# What is being asked
What are the lines, copied exactly, from the one containing "#250=DIRECTION('',(0.,-0.566528822887065,0.824041924199368));" through the last line of the records below, both included?

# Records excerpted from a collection

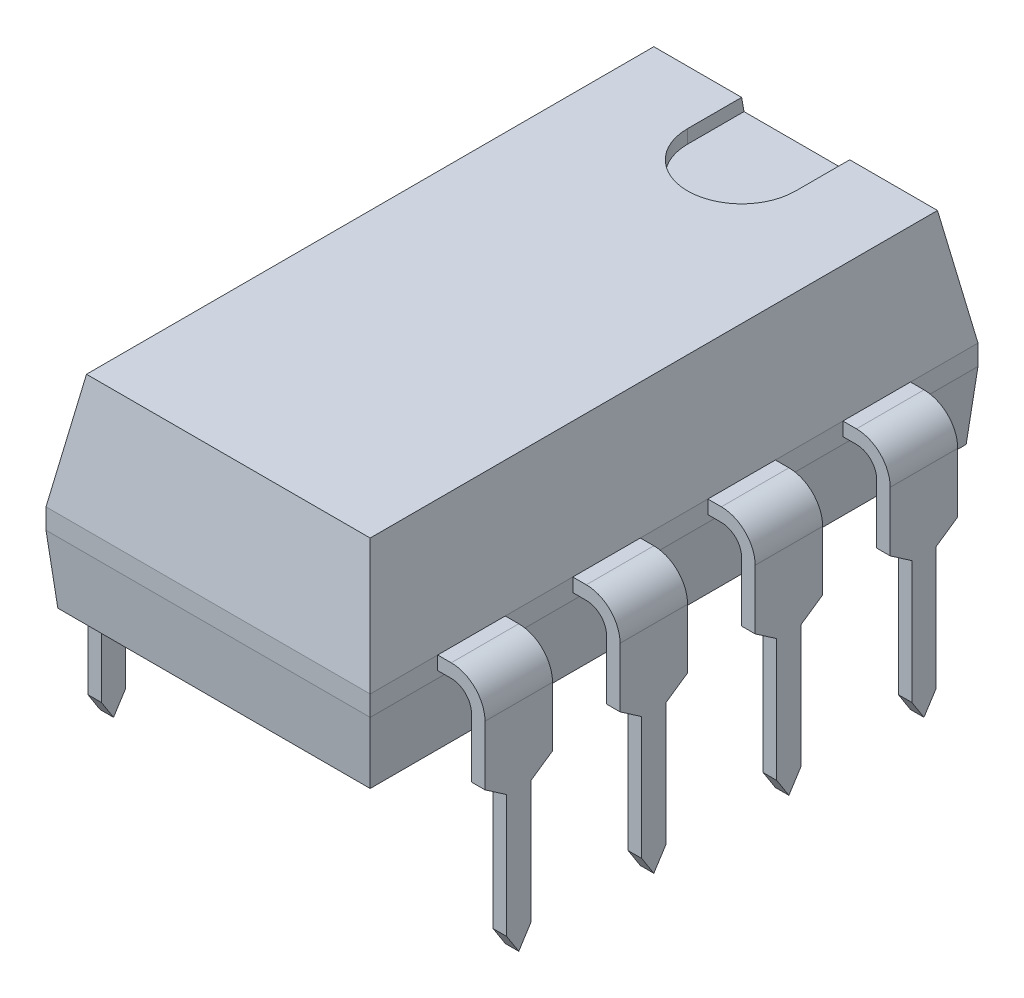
ISO-10303-21;
HEADER;
FILE_DESCRIPTION(('STEP AP214'),'2;1');
FILE_NAME('part.step','',(''),(''),'','','');
FILE_SCHEMA(('AUTOMOTIVE_DESIGN { 1 0 10303 214 1 1 1 1 }'));
ENDSEC;
DATA;
#1=APPLICATION_CONTEXT('core data for automotive mechanical design processes');
#2=APPLICATION_PROTOCOL_DEFINITION('international standard','automotive_design',2000,#1);
#3=PRODUCT_CONTEXT('',#1,'mechanical');
#4=PRODUCT('Part','Part','',(#3));
#5=PRODUCT_RELATED_PRODUCT_CATEGORY('part','',(#4));
#6=PRODUCT_DEFINITION_FORMATION('','',#4);
#7=PRODUCT_DEFINITION_CONTEXT('part definition',#1,'design');
#8=PRODUCT_DEFINITION('design','',#6,#7);
#9=PRODUCT_DEFINITION_SHAPE('','',#8);
#10=(LENGTH_UNIT() NAMED_UNIT(*) SI_UNIT(.MILLI.,.METRE.));
#11=(NAMED_UNIT(*) PLANE_ANGLE_UNIT() SI_UNIT($,.RADIAN.));
#12=(NAMED_UNIT(*) SI_UNIT($,.STERADIAN.) SOLID_ANGLE_UNIT());
#13=UNCERTAINTY_MEASURE_WITH_UNIT(LENGTH_MEASURE(1.E-05),#10,'distance_accuracy_value','');
#14=(GEOMETRIC_REPRESENTATION_CONTEXT(3) GLOBAL_UNCERTAINTY_ASSIGNED_CONTEXT((#13)) GLOBAL_UNIT_ASSIGNED_CONTEXT((#10,
#11,#12)) REPRESENTATION_CONTEXT('',''));
#15=CARTESIAN_POINT('',(0.,0.,0.));
#16=DIRECTION('',(0.,0.,1.));
#17=DIRECTION('',(1.,0.,0.));
#18=AXIS2_PLACEMENT_3D('',#15,#16,#17);
#19=CARTESIAN_POINT('',(7.74699999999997,1.397,6.98500000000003));
#20=DIRECTION('',(1.,0.,0.));
#21=DIRECTION('',(0.,0.,-1.));
#22=AXIS2_PLACEMENT_3D('',#19,#20,#21);
#23=PLANE('',#22);
#24=DIRECTION('',(0.,-1.,0.));
#25=VECTOR('',#24,1.);
#26=CARTESIAN_POINT('',(7.74699999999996,0.,7.39140000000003));
#27=LINE('',#26,#25);
#28=CARTESIAN_POINT('',(7.74699999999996,0.,7.39140000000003));
#29=VERTEX_POINT('',#28);
#30=CARTESIAN_POINT('',(7.74699999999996,-2.30951987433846,7.39140000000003));
#31=VERTEX_POINT('',#30);
#32=EDGE_CURVE('E756',#29,#31,#27,.T.);
#33=ORIENTED_EDGE('',*,*,#32,.F.);
#34=DIRECTION('',(0.,-0.566528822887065,0.824041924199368));
#35=VECTOR('',#34,1.);
#36=CARTESIAN_POINT('',(7.74699999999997,0.2794,6.98500000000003));
#37=LINE('',#36,#35);
#38=CARTESIAN_POINT('',(7.74699999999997,0.2794,6.98500000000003));
#39=VERTEX_POINT('',#38);
#40=EDGE_CURVE('E748',#39,#29,#37,.T.);
#41=ORIENTED_EDGE('',*,*,#40,.F.);
#42=DIRECTION('',(0.,1.,0.));
#43=VECTOR('',#42,1.);
#44=CARTESIAN_POINT('',(7.74699999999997,1.397,6.98500000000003));
#45=LINE('',#44,#43);
#46=CARTESIAN_POINT('',(7.74699999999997,1.397,6.98500000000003));
#47=VERTEX_POINT('',#46);
#48=EDGE_CURVE('E761',#39,#47,#45,.T.);
#49=ORIENTED_EDGE('',*,*,#48,.T.);
#50=DIRECTION('',(0.,0.,1.));
#51=VECTOR('',#50,1.);
#52=CARTESIAN_POINT('',(7.74699999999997,1.397,6.98500000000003));
#53=LINE('',#52,#51);
#54=CARTESIAN_POINT('',(7.74699999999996,1.397,8.25500000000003));
#55=VERTEX_POINT('',#54);
#56=EDGE_CURVE('E806',#47,#55,#53,.T.);
#57=ORIENTED_EDGE('',*,*,#56,.T.);
#58=DIRECTION('',(0.,1.,0.));
#59=VECTOR('',#58,1.);
#60=CARTESIAN_POINT('',(7.74699999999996,1.397,8.25500000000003));
#61=LINE('',#60,#59);
#62=CARTESIAN_POINT('',(7.74699999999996,0.2794,8.25500000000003));
#63=VERTEX_POINT('',#62);
#64=EDGE_CURVE('E792',#63,#55,#61,.T.);
#65=ORIENTED_EDGE('',*,*,#64,.F.);
#66=DIRECTION('',(0.,0.566528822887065,0.824041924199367));
#67=VECTOR('',#66,1.);
#68=CARTESIAN_POINT('',(7.74699999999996,0.2794,8.25500000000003));
#69=LINE('',#68,#67);
#70=CARTESIAN_POINT('',(7.74699999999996,0.,7.84860000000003));
#71=VERTEX_POINT('',#70);
#72=EDGE_CURVE('E1625',#71,#63,#69,.T.);
#73=ORIENTED_EDGE('',*,*,#72,.F.);
#74=DIRECTION('',(0.,1.,0.));
#75=VECTOR('',#74,1.);
#76=CARTESIAN_POINT('',(7.74699999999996,0.,7.84860000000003));
#77=LINE('',#76,#75);
#78=CARTESIAN_POINT('',(7.74699999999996,-2.30951987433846,7.84860000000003));
#79=VERTEX_POINT('',#78);
#80=EDGE_CURVE('E1633',#79,#71,#77,.T.);
#81=ORIENTED_EDGE('',*,*,#80,.F.);
#82=DIRECTION('',(0.,0.842471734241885,0.538740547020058));
#83=VECTOR('',#82,1.);
#84=CARTESIAN_POINT('',(7.74699999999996,-2.30951987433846,7.84860000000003));
#85=LINE('',#84,#83);
#86=CARTESIAN_POINT('',(7.74699999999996,-2.667,7.62000000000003));
#87=VERTEX_POINT('',#86);
#88=EDGE_CURVE('E1617',#87,#79,#85,.T.);
#89=ORIENTED_EDGE('',*,*,#88,.F.);
#90=DIRECTION('',(0.,-0.842471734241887,0.538740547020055));
#91=VECTOR('',#90,1.);
#92=CARTESIAN_POINT('',(7.74699999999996,-2.30951987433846,7.39140000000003));
#93=LINE('',#92,#91);
#94=EDGE_CURVE('E764',#31,#87,#93,.T.);
#95=ORIENTED_EDGE('',*,*,#94,.F.);
#96=EDGE_LOOP('',(#33,#41,#49,#57,#65,#73,#81,#89,#95));
#97=FACE_BOUND('',#96,.T.);
#98=ADVANCED_FACE('F30',(#97),#23,.T.);
#99=CARTESIAN_POINT('',(7.49299999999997,1.397,6.98500000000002));
#100=DIRECTION('',(1.,0.,0.));
#101=DIRECTION('',(0.,0.,-1.));
#102=AXIS2_PLACEMENT_3D('',#99,#100,#101);
#103=PLANE('',#102);
#104=DIRECTION('',(0.,-0.566528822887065,0.824041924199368));
#105=VECTOR('',#104,1.);
#106=CARTESIAN_POINT('',(7.49299999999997,0.2794,6.98500000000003));
#107=LINE('',#106,#105);
#108=CARTESIAN_POINT('',(7.49299999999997,0.2794,6.98500000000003));
#109=VERTEX_POINT('',#108);
#110=CARTESIAN_POINT('',(7.49299999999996,0.,7.39140000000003));
#111=VERTEX_POINT('',#110);
#112=EDGE_CURVE('E751',#109,#111,#107,.T.);
#113=ORIENTED_EDGE('',*,*,#112,.T.);
#114=DIRECTION('',(0.,-1.,0.));
#115=VECTOR('',#114,1.);
#116=CARTESIAN_POINT('',(7.49299999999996,0.,7.39140000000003));
#117=LINE('',#116,#115);
#118=CARTESIAN_POINT('',(7.49299999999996,-2.30951987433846,7.39140000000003));
#119=VERTEX_POINT('',#118);
#120=EDGE_CURVE('E765',#111,#119,#117,.T.);
#121=ORIENTED_EDGE('',*,*,#120,.T.);
#122=DIRECTION('',(0.,-0.842471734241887,0.538740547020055));
#123=VECTOR('',#122,1.);
#124=CARTESIAN_POINT('',(7.49299999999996,-2.30951987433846,7.39140000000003));
#125=LINE('',#124,#123);
#126=CARTESIAN_POINT('',(7.49299999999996,-2.667,7.62000000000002));
#127=VERTEX_POINT('',#126);
#128=EDGE_CURVE('E1707',#119,#127,#125,.T.);
#129=ORIENTED_EDGE('',*,*,#128,.T.);
#130=DIRECTION('',(0.,0.842471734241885,0.538740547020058));
#131=VECTOR('',#130,1.);
#132=CARTESIAN_POINT('',(7.49299999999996,-2.30951987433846,7.84860000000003));
#133=LINE('',#132,#131);
#134=CARTESIAN_POINT('',(7.49299999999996,-2.30951987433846,7.84860000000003));
#135=VERTEX_POINT('',#134);
#136=EDGE_CURVE('E1622',#127,#135,#133,.T.);
#137=ORIENTED_EDGE('',*,*,#136,.T.);
#138=DIRECTION('',(0.,1.,0.));
#139=VECTOR('',#138,1.);
#140=CARTESIAN_POINT('',(7.49299999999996,0.,7.84860000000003));
#141=LINE('',#140,#139);
#142=CARTESIAN_POINT('',(7.49299999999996,0.,7.84860000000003));
#143=VERTEX_POINT('',#142);
#144=EDGE_CURVE('E1626',#135,#143,#141,.T.);
#145=ORIENTED_EDGE('',*,*,#144,.T.);
#146=DIRECTION('',(0.,0.566528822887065,0.824041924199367));
#147=VECTOR('',#146,1.);
#148=CARTESIAN_POINT('',(7.49299999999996,0.2794,8.25500000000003));
#149=LINE('',#148,#147);
#150=CARTESIAN_POINT('',(7.49299999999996,0.279399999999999,8.25500000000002));
#151=VERTEX_POINT('',#150);
#152=EDGE_CURVE('E1629',#143,#151,#149,.T.);
#153=ORIENTED_EDGE('',*,*,#152,.T.);
#154=DIRECTION('',(0.,1.,0.));
#155=VECTOR('',#154,1.);
#156=CARTESIAN_POINT('',(7.49299999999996,1.397,8.25500000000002));
#157=LINE('',#156,#155);
#158=CARTESIAN_POINT('',(7.49299999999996,1.397,8.25500000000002));
#159=VERTEX_POINT('',#158);
#160=EDGE_CURVE('E794',#151,#159,#157,.T.);
#161=ORIENTED_EDGE('',*,*,#160,.T.);
#162=DIRECTION('',(0.,0.,1.));
#163=VECTOR('',#162,1.);
#164=CARTESIAN_POINT('',(7.49299999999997,1.397,6.98500000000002));
#165=LINE('',#164,#163);
#166=CARTESIAN_POINT('',(7.49299999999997,1.397,6.98500000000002));
#167=VERTEX_POINT('',#166);
#168=EDGE_CURVE('E803',#167,#159,#165,.T.);
#169=ORIENTED_EDGE('',*,*,#168,.F.);
#170=DIRECTION('',(0.,1.,0.));
#171=VECTOR('',#170,1.);
#172=CARTESIAN_POINT('',(7.49299999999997,1.397,6.98500000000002));
#173=LINE('',#172,#171);
#174=EDGE_CURVE('E772',#109,#167,#173,.T.);
#175=ORIENTED_EDGE('',*,*,#174,.F.);
#176=EDGE_LOOP('',(#113,#121,#129,#137,#145,#153,#161,#169,#175));
#177=FACE_BOUND('',#176,.T.);
#178=ADVANCED_FACE('F1731',(#177),#103,.F.);
#179=CARTESIAN_POINT('',(7.11199999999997,1.397,6.98500000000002));
#180=DIRECTION('',(0.,0.,1.));
#181=DIRECTION('',(1.,0.,0.));
#182=AXIS2_PLACEMENT_3D('',#179,#180,#181);
#183=PLANE('',#182);
#184=DIRECTION('',(-1.,0.,0.));
#185=VECTOR('',#184,1.);
#186=CARTESIAN_POINT('',(7.74699999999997,0.2794,6.98500000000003));
#187=LINE('',#186,#185);
#188=EDGE_CURVE('E744',#39,#109,#187,.T.);
#189=ORIENTED_EDGE('',*,*,#188,.T.);
#190=ORIENTED_EDGE('',*,*,#174,.T.);
#191=CARTESIAN_POINT('',(7.11199999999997,1.397,6.98500000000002));
#192=DIRECTION('',(0.,0.,1.));
#193=DIRECTION('',(1.,0.,0.));
#194=AXIS2_PLACEMENT_3D('',#191,#192,#193);
#195=CIRCLE('',#194,0.381);
#196=CARTESIAN_POINT('',(7.11199999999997,1.778,6.98500000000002));
#197=VERTEX_POINT('',#196);
#198=EDGE_CURVE('E774',#167,#197,#195,.T.);
#199=ORIENTED_EDGE('',*,*,#198,.T.);
#200=DIRECTION('',(1.,0.,0.));
#201=VECTOR('',#200,1.);
#202=CARTESIAN_POINT('',(7.11199999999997,1.778,6.98500000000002));
#203=LINE('',#202,#201);
#204=CARTESIAN_POINT('',(6.858,1.778,6.98500000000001));
#205=VERTEX_POINT('',#204);
#206=EDGE_CURVE('E781',#197,#205,#203,.F.);
#207=ORIENTED_EDGE('',*,*,#206,.T.);
#208=DIRECTION('',(0.,1.,0.));
#209=VECTOR('',#208,1.);
#210=CARTESIAN_POINT('',(6.858,4.191,6.98500000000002));
#211=LINE('',#210,#209);
#212=CARTESIAN_POINT('',(6.858,2.03199999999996,6.98500000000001));
#213=VERTEX_POINT('',#212);
#214=EDGE_CURVE('E11',#205,#213,#211,.T.);
#215=ORIENTED_EDGE('',*,*,#214,.T.);
#216=DIRECTION('',(1.,0.,0.));
#217=VECTOR('',#216,1.);
#218=CARTESIAN_POINT('',(7.11199999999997,2.032,6.98500000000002));
#219=LINE('',#218,#217);
#220=CARTESIAN_POINT('',(7.11199999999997,2.032,6.98500000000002));
#221=VERTEX_POINT('',#220);
#222=EDGE_CURVE('E776',#221,#213,#219,.F.);
#223=ORIENTED_EDGE('',*,*,#222,.F.);
#224=CARTESIAN_POINT('',(7.11199999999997,1.397,6.98500000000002));
#225=DIRECTION('',(0.,0.,1.));
#226=DIRECTION('',(1.,0.,0.));
#227=AXIS2_PLACEMENT_3D('',#224,#225,#226);
#228=CIRCLE('',#227,0.635);
#229=EDGE_CURVE('E771',#47,#221,#228,.T.);
#230=ORIENTED_EDGE('',*,*,#229,.F.);
#231=ORIENTED_EDGE('',*,*,#48,.F.);
#232=EDGE_LOOP('',(#189,#190,#199,#207,#215,#223,#230,#231));
#233=FACE_BOUND('',#232,.T.);
#234=ADVANCED_FACE('F768',(#233),#183,.F.);
#235=CARTESIAN_POINT('',(7.74699999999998,1.397,4.44500000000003));
#236=DIRECTION('',(1.,0.,0.));
#237=DIRECTION('',(0.,0.,-1.));
#238=AXIS2_PLACEMENT_3D('',#235,#236,#237);
#239=PLANE('',#238);
#240=DIRECTION('',(0.,-1.,0.));
#241=VECTOR('',#240,1.);
#242=CARTESIAN_POINT('',(7.74699999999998,0.,4.85140000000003));
#243=LINE('',#242,#241);
#244=CARTESIAN_POINT('',(7.74699999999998,0.,4.85140000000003));
#245=VERTEX_POINT('',#244);
#246=CARTESIAN_POINT('',(7.74699999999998,-2.30951987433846,4.85140000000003));
#247=VERTEX_POINT('',#246);
#248=EDGE_CURVE('E1684',#245,#247,#243,.T.);
#249=ORIENTED_EDGE('',*,*,#248,.F.);
#250=DIRECTION('',(0.,-0.566528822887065,0.824041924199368));
#251=VECTOR('',#250,1.);
#252=CARTESIAN_POINT('',(7.74699999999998,0.2794,4.44500000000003));
#253=LINE('',#252,#251);
#254=CARTESIAN_POINT('',(7.74699999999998,0.2794,4.44500000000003));
#255=VERTEX_POINT('',#254);
#256=EDGE_CURVE('E1691',#255,#245,#253,.T.);
#257=ORIENTED_EDGE('',*,*,#256,.F.);
#258=DIRECTION('',(0.,1.,0.));
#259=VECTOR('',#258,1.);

# Answer section
#250=DIRECTION('',(0.,-0.566528822887065,0.824041924199368));
#251=VECTOR('',#250,1.);
#252=CARTESIAN_POINT('',(7.74699999999998,0.2794,4.44500000000003));
#253=LINE('',#252,#251);
#254=CARTESIAN_POINT('',(7.74699999999998,0.2794,4.44500000000003));
#255=VERTEX_POINT('',#254);
#256=EDGE_CURVE('E1691',#255,#245,#253,.T.);
#257=ORIENTED_EDGE('',*,*,#256,.F.);
#258=DIRECTION('',(0.,1.,0.));
#259=VECTOR('',#258,1.);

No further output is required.